他看着落矩从百人斗兽场中胜出,露出了微笑:“小矩,这么多年委屈你了,你应该成为我手里的一把最漂亮的刀。”
……
回忆像是落在手心的雪花,很快就融化成清浅的水。
楚籽绡看到落矩全身负伤,右手断在身下,而左手握着一封印着自己面孔的悬赏令。
她曾经是罗伯尔家族的专用输血包,又成了一把利刃。她为利欧斯·罗伯尔做过那么多事,最后得到一张三千星币买她性命的悬赏令。
不过是一枚弃子。召之即来挥之即去。
马车一路颠簸,总算到达了目的地——半岛庄园。
五分钟前,白桔亲手用绳子把楚籽绡的双手捆了起来,她笑道:“失礼啦,落矩小姐。”
“这可不是一般的绳子哦,这可是我白家的秘宝灵缚绳,要说牢固性那是赫赫有名,有了这玩意,利欧斯那个老贼一定会放下警惕,到时候你咔咔咔,”白桔伸手在自己的脖颈上划拉了两下,“取他狗命。”
楚籽绡皱眉:“确实牢固到让他们放心,但我被捆着怎么咔咔他呢?”
“你看,只要拿小拇指勾一下这个圈圈,就能立刻解开哦!”
她试着照做,果真如此。
二人下车。楚籽绡将背后的兜帽戴上,不由地在冷风里哆嗦了下。
走出庄园大门的是一位穿着笔挺制服的老绅士,他表情平淡地扫过二人:“有劳了,白小姐。”
白桔举起戴着黑色兜帽女人的双手:“这是灵缚绳,不用我多解释了吧?货我已经送到了,怎么支付?”
有关于落矩的回忆,她已经恢复了大半,这是利欧斯名下的房产之一,眼前人正是这座庄园的管家。狡兔三窟,不过这个地方利欧斯并不常住,所以她对此的印象不多。
楚籽绡的脸隐藏在兜帽之下,阴影盖住了大半,白桔放下了她被绳子束缚的手,顺势,她去看手心里最新冒出的血字:他在里面。

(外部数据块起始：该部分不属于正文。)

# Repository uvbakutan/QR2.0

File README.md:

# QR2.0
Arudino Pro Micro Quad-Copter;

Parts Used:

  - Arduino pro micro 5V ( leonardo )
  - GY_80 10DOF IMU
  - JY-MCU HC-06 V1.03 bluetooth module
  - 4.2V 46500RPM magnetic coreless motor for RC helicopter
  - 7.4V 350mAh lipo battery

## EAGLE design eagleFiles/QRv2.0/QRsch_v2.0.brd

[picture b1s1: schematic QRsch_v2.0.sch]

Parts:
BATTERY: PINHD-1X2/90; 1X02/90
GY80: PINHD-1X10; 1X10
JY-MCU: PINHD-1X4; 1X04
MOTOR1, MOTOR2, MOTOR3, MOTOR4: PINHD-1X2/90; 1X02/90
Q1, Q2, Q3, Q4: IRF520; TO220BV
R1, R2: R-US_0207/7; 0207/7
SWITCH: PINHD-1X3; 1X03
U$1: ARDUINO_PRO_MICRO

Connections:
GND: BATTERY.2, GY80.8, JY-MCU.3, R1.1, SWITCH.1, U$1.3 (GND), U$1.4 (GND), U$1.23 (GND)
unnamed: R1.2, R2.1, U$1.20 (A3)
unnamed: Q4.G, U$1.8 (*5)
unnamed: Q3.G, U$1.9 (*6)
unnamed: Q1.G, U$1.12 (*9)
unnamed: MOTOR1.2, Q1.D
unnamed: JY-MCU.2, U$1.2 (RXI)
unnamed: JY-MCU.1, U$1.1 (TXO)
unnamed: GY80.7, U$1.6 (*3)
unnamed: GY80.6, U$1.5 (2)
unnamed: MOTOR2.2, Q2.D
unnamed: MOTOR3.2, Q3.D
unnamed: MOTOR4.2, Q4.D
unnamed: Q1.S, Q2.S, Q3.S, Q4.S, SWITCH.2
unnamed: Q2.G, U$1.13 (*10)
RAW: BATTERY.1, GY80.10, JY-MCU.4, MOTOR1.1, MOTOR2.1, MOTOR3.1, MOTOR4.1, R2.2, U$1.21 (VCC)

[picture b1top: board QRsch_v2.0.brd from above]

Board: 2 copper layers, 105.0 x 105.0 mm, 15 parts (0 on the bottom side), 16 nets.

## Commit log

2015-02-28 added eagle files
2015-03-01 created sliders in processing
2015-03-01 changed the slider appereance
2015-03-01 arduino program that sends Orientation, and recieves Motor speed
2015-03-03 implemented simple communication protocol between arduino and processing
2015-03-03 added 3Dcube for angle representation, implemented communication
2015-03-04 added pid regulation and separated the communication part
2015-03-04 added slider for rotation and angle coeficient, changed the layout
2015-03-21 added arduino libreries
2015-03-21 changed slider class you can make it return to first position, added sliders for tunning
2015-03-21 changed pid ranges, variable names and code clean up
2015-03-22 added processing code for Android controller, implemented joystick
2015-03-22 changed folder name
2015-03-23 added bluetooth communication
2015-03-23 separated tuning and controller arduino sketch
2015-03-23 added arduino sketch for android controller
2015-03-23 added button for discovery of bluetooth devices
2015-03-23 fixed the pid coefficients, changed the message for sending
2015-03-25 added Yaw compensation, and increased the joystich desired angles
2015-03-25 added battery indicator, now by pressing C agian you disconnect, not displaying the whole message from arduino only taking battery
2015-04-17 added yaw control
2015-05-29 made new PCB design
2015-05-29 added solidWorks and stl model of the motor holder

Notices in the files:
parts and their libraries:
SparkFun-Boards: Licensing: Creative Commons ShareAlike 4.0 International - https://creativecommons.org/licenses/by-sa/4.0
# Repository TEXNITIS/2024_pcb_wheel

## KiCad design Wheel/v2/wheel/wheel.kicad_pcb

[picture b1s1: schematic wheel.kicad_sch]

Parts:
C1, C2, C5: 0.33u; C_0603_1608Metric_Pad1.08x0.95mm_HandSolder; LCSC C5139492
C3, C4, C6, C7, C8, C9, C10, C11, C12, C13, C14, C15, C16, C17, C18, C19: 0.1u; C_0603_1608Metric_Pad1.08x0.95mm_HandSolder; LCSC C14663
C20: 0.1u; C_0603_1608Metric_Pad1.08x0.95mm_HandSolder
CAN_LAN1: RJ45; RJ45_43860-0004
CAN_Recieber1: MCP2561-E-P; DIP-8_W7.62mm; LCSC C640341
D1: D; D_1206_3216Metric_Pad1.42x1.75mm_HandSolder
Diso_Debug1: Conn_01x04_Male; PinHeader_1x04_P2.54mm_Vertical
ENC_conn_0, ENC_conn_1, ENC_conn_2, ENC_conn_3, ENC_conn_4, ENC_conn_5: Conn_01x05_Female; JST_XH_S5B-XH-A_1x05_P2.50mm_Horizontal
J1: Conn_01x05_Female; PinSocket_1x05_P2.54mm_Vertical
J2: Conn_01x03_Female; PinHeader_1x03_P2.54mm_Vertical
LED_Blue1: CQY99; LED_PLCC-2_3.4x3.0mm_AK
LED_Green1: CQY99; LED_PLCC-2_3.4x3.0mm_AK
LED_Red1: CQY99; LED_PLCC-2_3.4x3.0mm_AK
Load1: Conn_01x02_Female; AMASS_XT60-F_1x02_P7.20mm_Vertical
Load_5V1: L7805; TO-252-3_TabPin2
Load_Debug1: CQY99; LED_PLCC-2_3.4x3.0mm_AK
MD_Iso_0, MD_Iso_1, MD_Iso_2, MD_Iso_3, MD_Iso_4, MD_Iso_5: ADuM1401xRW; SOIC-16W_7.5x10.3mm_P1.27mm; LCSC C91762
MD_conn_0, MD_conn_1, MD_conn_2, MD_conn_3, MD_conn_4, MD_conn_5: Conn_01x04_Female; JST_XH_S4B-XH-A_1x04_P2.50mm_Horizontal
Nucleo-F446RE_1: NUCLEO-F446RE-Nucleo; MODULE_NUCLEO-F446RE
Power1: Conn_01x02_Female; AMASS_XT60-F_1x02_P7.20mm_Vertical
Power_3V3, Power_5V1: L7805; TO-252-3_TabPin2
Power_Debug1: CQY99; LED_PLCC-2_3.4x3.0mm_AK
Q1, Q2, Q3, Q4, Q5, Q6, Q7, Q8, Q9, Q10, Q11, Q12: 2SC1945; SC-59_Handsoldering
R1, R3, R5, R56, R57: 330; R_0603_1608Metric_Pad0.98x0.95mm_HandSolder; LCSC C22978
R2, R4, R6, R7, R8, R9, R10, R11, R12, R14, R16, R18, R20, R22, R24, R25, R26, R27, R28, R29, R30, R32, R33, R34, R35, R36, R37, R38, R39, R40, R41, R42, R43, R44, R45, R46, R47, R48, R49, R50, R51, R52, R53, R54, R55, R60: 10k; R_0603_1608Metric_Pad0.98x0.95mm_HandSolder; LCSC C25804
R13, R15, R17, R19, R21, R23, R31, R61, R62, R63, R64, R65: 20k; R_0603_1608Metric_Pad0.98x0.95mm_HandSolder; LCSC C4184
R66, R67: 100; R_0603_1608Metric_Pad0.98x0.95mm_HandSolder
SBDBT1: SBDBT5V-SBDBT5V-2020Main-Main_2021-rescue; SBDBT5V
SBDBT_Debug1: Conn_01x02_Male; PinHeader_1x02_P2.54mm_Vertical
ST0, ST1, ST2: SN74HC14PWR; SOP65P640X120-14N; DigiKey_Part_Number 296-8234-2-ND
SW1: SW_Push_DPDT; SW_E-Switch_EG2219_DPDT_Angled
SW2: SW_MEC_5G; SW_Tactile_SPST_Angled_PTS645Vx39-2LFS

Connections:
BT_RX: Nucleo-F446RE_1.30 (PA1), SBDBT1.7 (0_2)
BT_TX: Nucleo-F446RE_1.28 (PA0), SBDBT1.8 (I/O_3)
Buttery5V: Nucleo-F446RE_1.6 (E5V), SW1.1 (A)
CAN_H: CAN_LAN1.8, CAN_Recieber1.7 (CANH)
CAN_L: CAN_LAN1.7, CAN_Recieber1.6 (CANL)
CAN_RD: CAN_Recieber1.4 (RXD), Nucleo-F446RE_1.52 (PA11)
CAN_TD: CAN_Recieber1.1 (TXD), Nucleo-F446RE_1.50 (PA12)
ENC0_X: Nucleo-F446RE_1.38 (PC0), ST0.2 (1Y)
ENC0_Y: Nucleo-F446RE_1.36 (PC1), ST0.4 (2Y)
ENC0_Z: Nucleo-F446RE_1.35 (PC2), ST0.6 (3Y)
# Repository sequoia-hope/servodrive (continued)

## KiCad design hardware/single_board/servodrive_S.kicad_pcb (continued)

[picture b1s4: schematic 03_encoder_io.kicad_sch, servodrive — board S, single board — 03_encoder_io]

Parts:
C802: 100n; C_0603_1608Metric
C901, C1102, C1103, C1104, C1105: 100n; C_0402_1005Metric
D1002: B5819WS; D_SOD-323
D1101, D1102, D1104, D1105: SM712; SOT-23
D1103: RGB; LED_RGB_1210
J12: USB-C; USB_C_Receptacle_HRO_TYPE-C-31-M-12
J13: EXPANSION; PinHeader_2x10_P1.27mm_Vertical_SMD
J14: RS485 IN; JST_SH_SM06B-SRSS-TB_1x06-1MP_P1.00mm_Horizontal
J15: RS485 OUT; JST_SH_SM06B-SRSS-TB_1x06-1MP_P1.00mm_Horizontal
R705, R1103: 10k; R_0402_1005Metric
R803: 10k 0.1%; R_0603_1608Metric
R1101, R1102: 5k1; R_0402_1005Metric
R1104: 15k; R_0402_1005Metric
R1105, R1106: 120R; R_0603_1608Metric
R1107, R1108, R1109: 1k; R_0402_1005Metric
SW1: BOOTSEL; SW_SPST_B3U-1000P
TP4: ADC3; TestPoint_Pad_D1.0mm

她不动声色,用食指在手心画了一个问号,等待落矩的下一步指示。
血字继续跳跃:杀了他。
楚籽绡在手心写字:行,杀了他就放我离开啊。一言为定。
血字回应:我说到做到。
管家对着白桔语气和蔼:“三千星币,稍后就会打到您的账上,请您注意查收。”
话毕,他将目光投放到“货”上,伸手把灵缚绳解开了。
楚籽绡和白桔的脸上都出现了一瞬的错愕。
“罗伯尔先生说了,他要见你,落矩。”
楚籽绡眼底难掩欣喜,她望了一眼漫长的露台走廊,低头摸了摸掌心,此时落矩并没有任何回应,但是她等不了太久,即刻跟上管家的步伐走向庄园的深处。
本来就是一场冰冷又虚假的金钱交易,白桔面色沉重地坐回马车上。
任务完成,她已经把人送到了少爷所说的庄园之中。至于这个悬赏令上的女人生还是死,她控制不了。
白桔转了一下手中的戒指,一只白鸽顶开马车的帘布,探出脑袋。
“乖乖,赶紧把信送到少爷手里啊,十万紧急。”
她摊开手心,喂给鸽子一些金色的玉米粒:“好,赶紧上路吧!”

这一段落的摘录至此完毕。